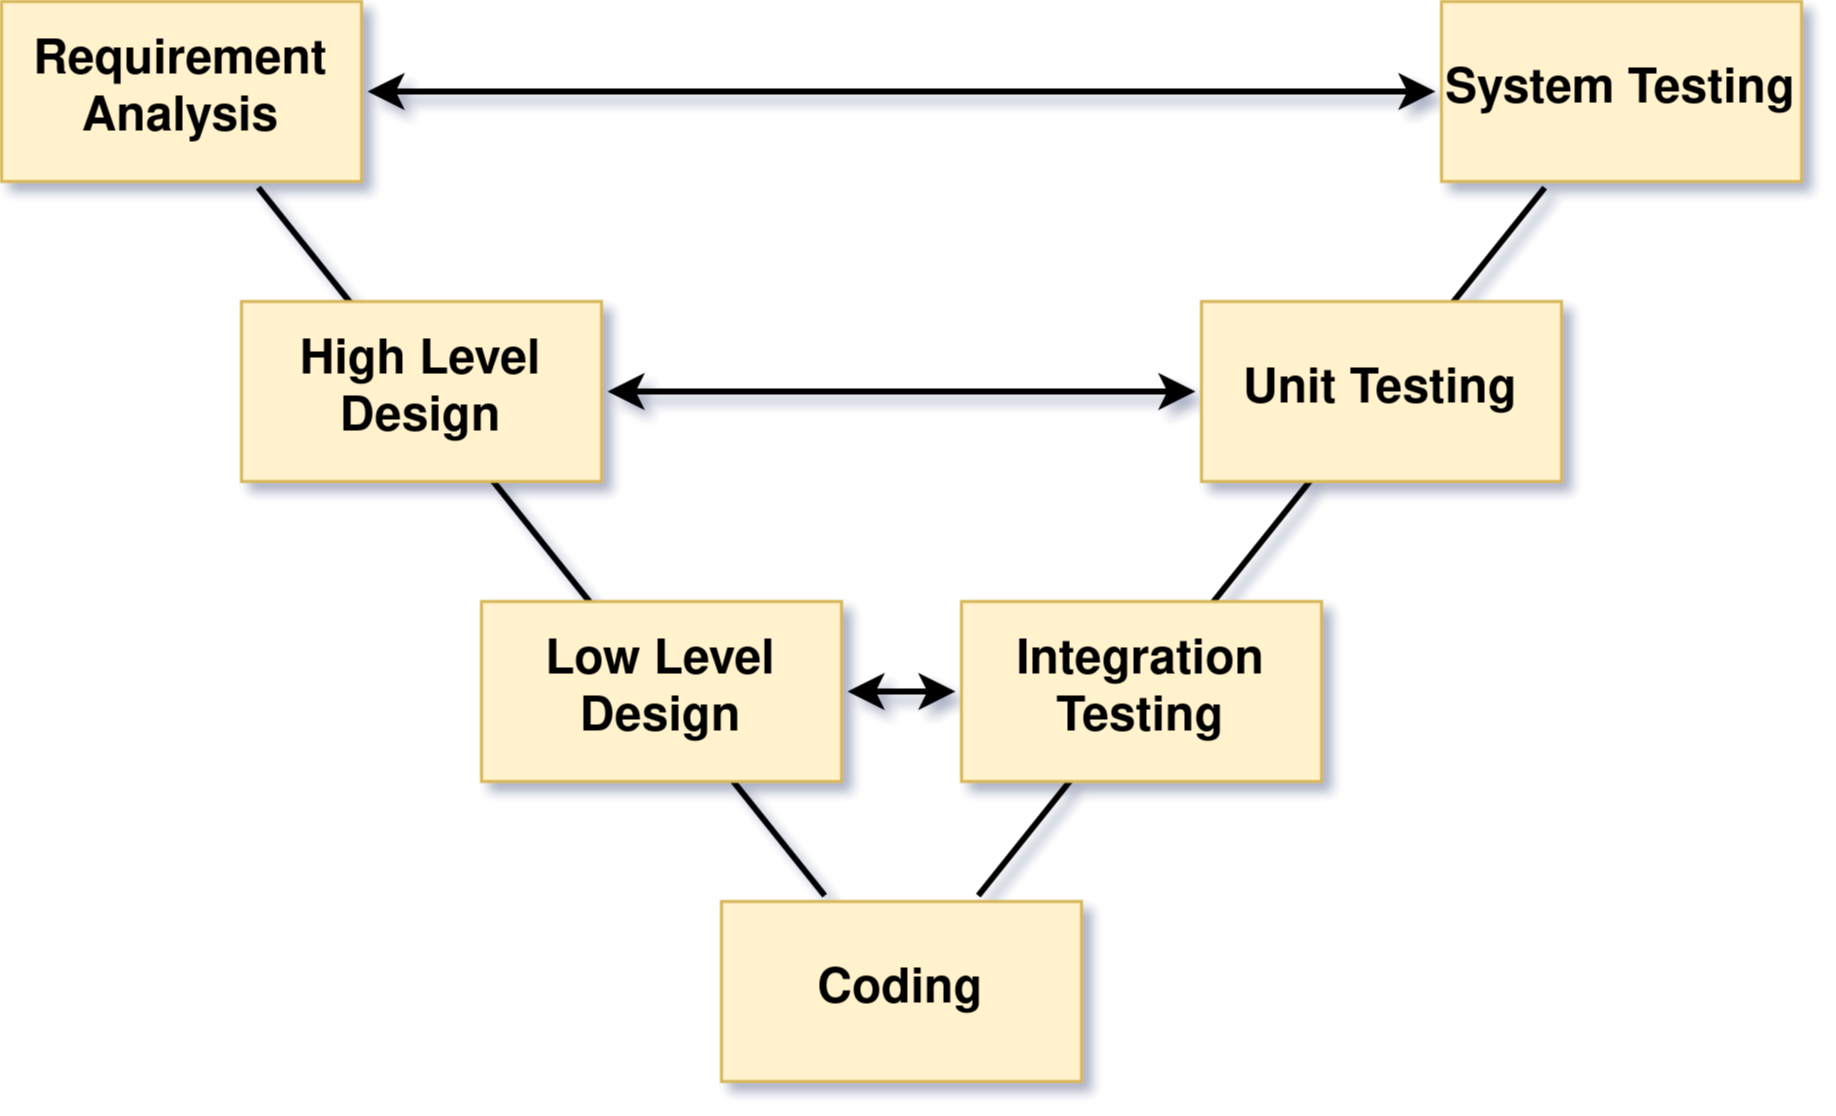

The diagram above was exported from draw.io. Its source (the exported page's mxGraphModel, read from the mxfile embedded in the PNG):
<mxGraphModel dx="1102" dy="569" grid="1" gridSize="10" guides="1" tooltips="1" connect="1" arrows="1" fold="1" page="1" pageScale="1" pageWidth="600" pageHeight="550" math="0" shadow="0">
  <root>
    <mxCell id="0" />
    <mxCell id="1" parent="0" />
    <mxCell id="h5P6odQe5WtEniPWGsf1-1" value="&lt;div style=&quot;font-size: 16px;&quot;&gt;Requirement&lt;/div&gt;&lt;div style=&quot;font-size: 16px;&quot;&gt;Analysis&lt;br style=&quot;font-size: 16px;&quot;&gt;&lt;/div&gt;" style="rounded=0;whiteSpace=wrap;html=1;fillColor=#fff2cc;strokeColor=#d6b656;fontSize=16;fontStyle=1" vertex="1" parent="1">
      <mxGeometry x="40" y="40" width="120" height="60" as="geometry" />
    </mxCell>
    <mxCell id="h5P6odQe5WtEniPWGsf1-3" value="Coding" style="rounded=0;whiteSpace=wrap;html=1;fillColor=#fff2cc;strokeColor=#d6b656;fontSize=16;fontStyle=1" vertex="1" parent="1">
      <mxGeometry x="280" y="340" width="120" height="60" as="geometry" />
    </mxCell>
    <mxCell id="h5P6odQe5WtEniPWGsf1-7" value="System Testing" style="rounded=0;whiteSpace=wrap;html=1;fillColor=#fff2cc;strokeColor=#d6b656;fontSize=16;fontStyle=1" vertex="1" parent="1">
      <mxGeometry x="520" y="40" width="120" height="60" as="geometry" />
    </mxCell>
    <mxCell id="h5P6odQe5WtEniPWGsf1-8" value="" style="endArrow=classic;startArrow=classic;html=1;rounded=0;fontSize=16;strokeWidth=2;targetPerimeterSpacing=2;sourcePerimeterSpacing=2;" edge="1" parent="1" source="h5P6odQe5WtEniPWGsf1-4" target="h5P6odQe5WtEniPWGsf1-6">
      <mxGeometry width="50" height="50" relative="1" as="geometry">
        <mxPoint x="270" y="320" as="sourcePoint" />
        <mxPoint x="320" y="270" as="targetPoint" />
      </mxGeometry>
    </mxCell>
    <mxCell id="h5P6odQe5WtEniPWGsf1-9" value="" style="endArrow=classic;startArrow=classic;html=1;rounded=0;fontSize=16;strokeWidth=2;targetPerimeterSpacing=2;sourcePerimeterSpacing=2;" edge="1" parent="1" source="h5P6odQe5WtEniPWGsf1-2" target="h5P6odQe5WtEniPWGsf1-5">
      <mxGeometry width="50" height="50" relative="1" as="geometry">
        <mxPoint x="270" y="320" as="sourcePoint" />
        <mxPoint x="320" y="270" as="targetPoint" />
      </mxGeometry>
    </mxCell>
    <mxCell id="h5P6odQe5WtEniPWGsf1-10" value="" style="endArrow=classic;startArrow=classic;html=1;rounded=0;fontSize=16;strokeWidth=2;targetPerimeterSpacing=2;sourcePerimeterSpacing=2;" edge="1" parent="1" source="h5P6odQe5WtEniPWGsf1-1" target="h5P6odQe5WtEniPWGsf1-7">
      <mxGeometry width="50" height="50" relative="1" as="geometry">
        <mxPoint x="270" y="320" as="sourcePoint" />
        <mxPoint x="320" y="270" as="targetPoint" />
      </mxGeometry>
    </mxCell>
    <mxCell id="h5P6odQe5WtEniPWGsf1-11" value="" style="endArrow=none;html=1;rounded=0;fontSize=16;sourcePerimeterSpacing=2;targetPerimeterSpacing=2;strokeWidth=2;" edge="1" parent="1" source="h5P6odQe5WtEniPWGsf1-3" target="h5P6odQe5WtEniPWGsf1-1">
      <mxGeometry width="50" height="50" relative="1" as="geometry">
        <mxPoint x="270" y="320" as="sourcePoint" />
        <mxPoint x="320" y="270" as="targetPoint" />
      </mxGeometry>
    </mxCell>
    <mxCell id="h5P6odQe5WtEniPWGsf1-12" value="" style="endArrow=none;html=1;rounded=0;fontSize=16;sourcePerimeterSpacing=2;targetPerimeterSpacing=2;strokeWidth=2;" edge="1" parent="1" source="h5P6odQe5WtEniPWGsf1-3" target="h5P6odQe5WtEniPWGsf1-7">
      <mxGeometry width="50" height="50" relative="1" as="geometry">
        <mxPoint x="270" y="320" as="sourcePoint" />
        <mxPoint x="320" y="270" as="targetPoint" />
      </mxGeometry>
    </mxCell>
    <mxCell id="h5P6odQe5WtEniPWGsf1-2" value="&lt;div style=&quot;font-size: 16px;&quot;&gt;High Level&lt;/div&gt;&lt;div style=&quot;font-size: 16px;&quot;&gt;Design&lt;br style=&quot;font-size: 16px;&quot;&gt;&lt;/div&gt;" style="rounded=0;whiteSpace=wrap;html=1;fillColor=#fff2cc;strokeColor=#d6b656;fontSize=16;fontStyle=1" vertex="1" parent="1">
      <mxGeometry x="120" y="140" width="120" height="60" as="geometry" />
    </mxCell>
    <mxCell id="h5P6odQe5WtEniPWGsf1-4" value="&lt;div style=&quot;font-size: 16px;&quot;&gt;Low Level&lt;/div&gt;&lt;div style=&quot;font-size: 16px;&quot;&gt;Design&lt;br style=&quot;font-size: 16px;&quot;&gt;&lt;/div&gt;" style="rounded=0;whiteSpace=wrap;html=1;fillColor=#fff2cc;strokeColor=#d6b656;fontSize=16;fontStyle=1" vertex="1" parent="1">
      <mxGeometry x="200" y="240" width="120" height="60" as="geometry" />
    </mxCell>
    <mxCell id="h5P6odQe5WtEniPWGsf1-5" value="Unit Testing" style="rounded=0;whiteSpace=wrap;html=1;fillColor=#fff2cc;strokeColor=#d6b656;fontSize=16;fontStyle=1" vertex="1" parent="1">
      <mxGeometry x="440" y="140" width="120" height="60" as="geometry" />
    </mxCell>
    <mxCell id="h5P6odQe5WtEniPWGsf1-6" value="Integration Testing" style="rounded=0;whiteSpace=wrap;html=1;fillColor=#fff2cc;strokeColor=#d6b656;fontSize=16;fontStyle=1" vertex="1" parent="1">
      <mxGeometry x="360" y="240" width="120" height="60" as="geometry" />
    </mxCell>
  </root>
</mxGraphModel>
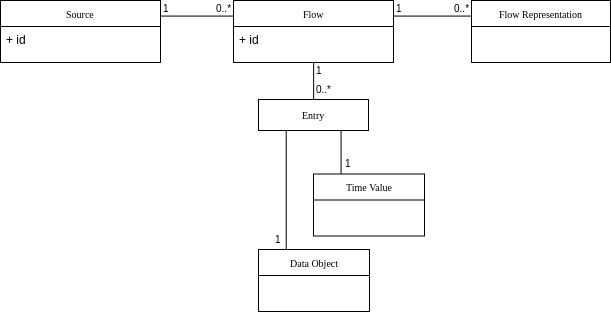

The diagram above was exported from draw.io. Its source (the exported page's mxGraphModel, read from the mxfile embedded in the PNG):
<mxGraphModel dx="815" dy="542" grid="1" gridSize="10" guides="1" tooltips="1" connect="1" arrows="1" fold="1" page="1" pageScale="1" pageWidth="827" pageHeight="1169" background="#ffffff" math="0" shadow="0">
  <root>
    <mxCell id="0" />
    <mxCell id="1" parent="0" />
    <mxCell id="13" value="Flow" style="swimlane;html=1;fontStyle=0;childLayout=stackLayout;horizontal=1;startSize=26;fillColor=none;horizontalStack=0;resizeParent=1;resizeLast=0;collapsible=1;marginBottom=0;swimlaneFillColor=#ffffff;rounded=0;shadow=0;comic=0;labelBackgroundColor=none;strokeColor=#000000;strokeWidth=1;fontFamily=Verdana;fontSize=10;fontColor=#000000;align=center;" parent="1" vertex="1">
      <mxGeometry x="350" y="410.9999999999998" width="160" height="62" as="geometry" />
    </mxCell>
    <mxCell id="14" value="+ id" style="text;html=1;strokeColor=none;fillColor=none;align=left;verticalAlign=top;spacingLeft=4;spacingRight=4;whiteSpace=wrap;overflow=hidden;rotatable=0;points=[[0,0.5],[1,0.5]];portConstraint=eastwest;" parent="13" vertex="1">
      <mxGeometry y="26" width="160" height="26" as="geometry" />
    </mxCell>
    <mxCell id="15" value="Source" style="swimlane;html=1;fontStyle=0;childLayout=stackLayout;horizontal=1;startSize=26;fillColor=none;horizontalStack=0;resizeParent=1;resizeLast=0;collapsible=1;marginBottom=0;swimlaneFillColor=#ffffff;rounded=0;shadow=0;comic=0;labelBackgroundColor=none;strokeColor=#000000;strokeWidth=1;fontFamily=Verdana;fontSize=10;fontColor=#000000;align=center;" parent="1" vertex="1">
      <mxGeometry x="117" y="410.9999999999998" width="160" height="62" as="geometry" />
    </mxCell>
    <mxCell id="16" value="+ id" style="text;html=1;strokeColor=none;fillColor=none;align=left;verticalAlign=top;spacingLeft=4;spacingRight=4;whiteSpace=wrap;overflow=hidden;rotatable=0;points=[[0,0.5],[1,0.5]];portConstraint=eastwest;" parent="15" vertex="1">
      <mxGeometry y="26" width="160" height="26" as="geometry" />
    </mxCell>
    <mxCell id="19" value="Entry" style="swimlane;html=1;fontStyle=0;childLayout=stackLayout;horizontal=1;startSize=60;fillColor=none;horizontalStack=0;resizeParent=1;resizeLast=0;collapsible=1;marginBottom=0;swimlaneFillColor=#ffffff;rounded=0;shadow=0;comic=0;labelBackgroundColor=none;strokeColor=#000000;strokeWidth=1;fontFamily=Verdana;fontSize=10;fontColor=#000000;align=center;" parent="1" vertex="1">
      <mxGeometry x="375" y="510" width="110" height="31" as="geometry" />
    </mxCell>
    <mxCell id="22" value="Time Value" style="swimlane;html=1;fontStyle=0;childLayout=stackLayout;horizontal=1;startSize=26;fillColor=none;horizontalStack=0;resizeParent=1;resizeLast=0;collapsible=1;marginBottom=0;swimlaneFillColor=#ffffff;rounded=0;shadow=0;comic=0;labelBackgroundColor=none;strokeColor=#000000;strokeWidth=1;fontFamily=Verdana;fontSize=10;fontColor=#000000;align=center;" parent="1" vertex="1">
      <mxGeometry x="430" y="584.5" width="111" height="62" as="geometry" />
    </mxCell>
    <mxCell id="23" value="Data Object" style="swimlane;html=1;fontStyle=0;childLayout=stackLayout;horizontal=1;startSize=26;fillColor=none;horizontalStack=0;resizeParent=1;resizeLast=0;collapsible=1;marginBottom=0;swimlaneFillColor=#ffffff;rounded=0;shadow=0;comic=0;labelBackgroundColor=none;strokeColor=#000000;strokeWidth=1;fontFamily=Verdana;fontSize=10;fontColor=#000000;align=center;" parent="1" vertex="1">
      <mxGeometry x="375" y="660" width="111" height="62" as="geometry" />
    </mxCell>
    <mxCell id="71" value="" style="endArrow=none;html=1;edgeStyle=orthogonalEdgeStyle;exitX=1;exitY=0.25;entryX=0;entryY=0.25;" parent="1" source="15" target="13" edge="1">
      <mxGeometry relative="1" as="geometry">
        <mxPoint x="268" y="502" as="sourcePoint" />
        <mxPoint x="308" y="462" as="targetPoint" />
      </mxGeometry>
    </mxCell>
    <mxCell id="72" value="1" style="resizable=0;html=1;align=left;verticalAlign=bottom;labelBackgroundColor=#ffffff;fontSize=10;" parent="71" connectable="0" vertex="1">
      <mxGeometry x="-1" relative="1" as="geometry" />
    </mxCell>
    <mxCell id="73" value="0..*" style="resizable=0;html=1;align=right;verticalAlign=bottom;labelBackgroundColor=#ffffff;fontSize=10;" parent="71" connectable="0" vertex="1">
      <mxGeometry x="1" relative="1" as="geometry" />
    </mxCell>
    <mxCell id="74" value="" style="endArrow=none;html=1;edgeStyle=orthogonalEdgeStyle;exitX=1;exitY=0.25;entryX=0;entryY=0.25;" parent="1" source="13" target="86" edge="1">
      <mxGeometry relative="1" as="geometry">
        <mxPoint x="588" y="512" as="sourcePoint" />
        <mxPoint x="558" y="452" as="targetPoint" />
      </mxGeometry>
    </mxCell>
    <mxCell id="75" value="1" style="resizable=0;html=1;align=left;verticalAlign=bottom;labelBackgroundColor=#ffffff;fontSize=10;" parent="74" connectable="0" vertex="1">
      <mxGeometry x="-1" relative="1" as="geometry" />
    </mxCell>
    <mxCell id="76" value="0..*" style="resizable=0;html=1;align=right;verticalAlign=bottom;labelBackgroundColor=#ffffff;fontSize=10;" parent="74" connectable="0" vertex="1">
      <mxGeometry x="1" relative="1" as="geometry" />
    </mxCell>
    <mxCell id="77" value="" style="endArrow=none;html=1;edgeStyle=orthogonalEdgeStyle;exitX=0.5;exitY=1;entryX=0.5;entryY=0;" parent="1" source="13" target="19" edge="1">
      <mxGeometry relative="1" as="geometry">
        <mxPoint x="128" y="322" as="sourcePoint" />
        <mxPoint x="258" y="366" as="targetPoint" />
      </mxGeometry>
    </mxCell>
    <mxCell id="78" value="1" style="resizable=0;html=1;align=left;verticalAlign=bottom;labelBackgroundColor=#ffffff;fontSize=10;" parent="77" connectable="0" vertex="1">
      <mxGeometry x="-1" relative="1" as="geometry">
        <mxPoint y="16" as="offset" />
      </mxGeometry>
    </mxCell>
    <mxCell id="79" value="0..*" style="resizable=0;html=1;align=left;verticalAlign=top;labelBackgroundColor=#ffffff;fontSize=10;" parent="77" connectable="0" vertex="1">
      <mxGeometry x="1" relative="1" as="geometry">
        <mxPoint x="0.5" y="-22.5" as="offset" />
      </mxGeometry>
    </mxCell>
    <mxCell id="80" value="" style="endArrow=none;html=1;edgeStyle=orthogonalEdgeStyle;entryX=0.25;entryY=1;exitX=0.25;exitY=0;" parent="1" source="23" target="19" edge="1">
      <mxGeometry relative="1" as="geometry">
        <mxPoint x="373" y="252" as="sourcePoint" />
        <mxPoint x="373" y="292" as="targetPoint" />
      </mxGeometry>
    </mxCell>
    <mxCell id="81" value="1" style="resizable=0;html=1;align=right;verticalAlign=top;labelBackgroundColor=#ffffff;fontSize=10;" parent="80" connectable="0" vertex="1">
      <mxGeometry x="-1" relative="1" as="geometry">
        <mxPoint x="-2.5" y="-22.5" as="offset" />
      </mxGeometry>
    </mxCell>
    <mxCell id="83" value="" style="endArrow=none;html=1;edgeStyle=orthogonalEdgeStyle;exitX=0.25;exitY=0;entryX=0.75;entryY=1;" parent="1" source="22" target="19" edge="1">
      <mxGeometry relative="1" as="geometry">
        <mxPoint x="223" y="312" as="sourcePoint" />
        <mxPoint x="383" y="312" as="targetPoint" />
      </mxGeometry>
    </mxCell>
    <mxCell id="84" value="1" style="resizable=0;html=1;align=left;verticalAlign=top;labelBackgroundColor=#ffffff;fontSize=10;" parent="83" connectable="0" vertex="1">
      <mxGeometry x="-1" relative="1" as="geometry">
        <mxPoint x="1.5" y="-22.5" as="offset" />
      </mxGeometry>
    </mxCell>
    <mxCell id="86" value="Flow Representation" style="swimlane;html=1;fontStyle=0;childLayout=stackLayout;horizontal=1;startSize=26;fillColor=none;horizontalStack=0;resizeParent=1;resizeLast=0;collapsible=1;marginBottom=0;swimlaneFillColor=#ffffff;rounded=0;shadow=0;comic=0;labelBackgroundColor=none;strokeColor=#000000;strokeWidth=1;fontFamily=Verdana;fontSize=10;fontColor=#000000;align=center;" parent="1" vertex="1">
      <mxGeometry x="588" y="411" width="139" height="62" as="geometry" />
    </mxCell>
  </root>
</mxGraphModel>

PROBLEM TO WORK ON: Scanning the material above, work out how many lines contain the word "startArrow" and reply with the number only.

EXERCISE OUTPUT: 3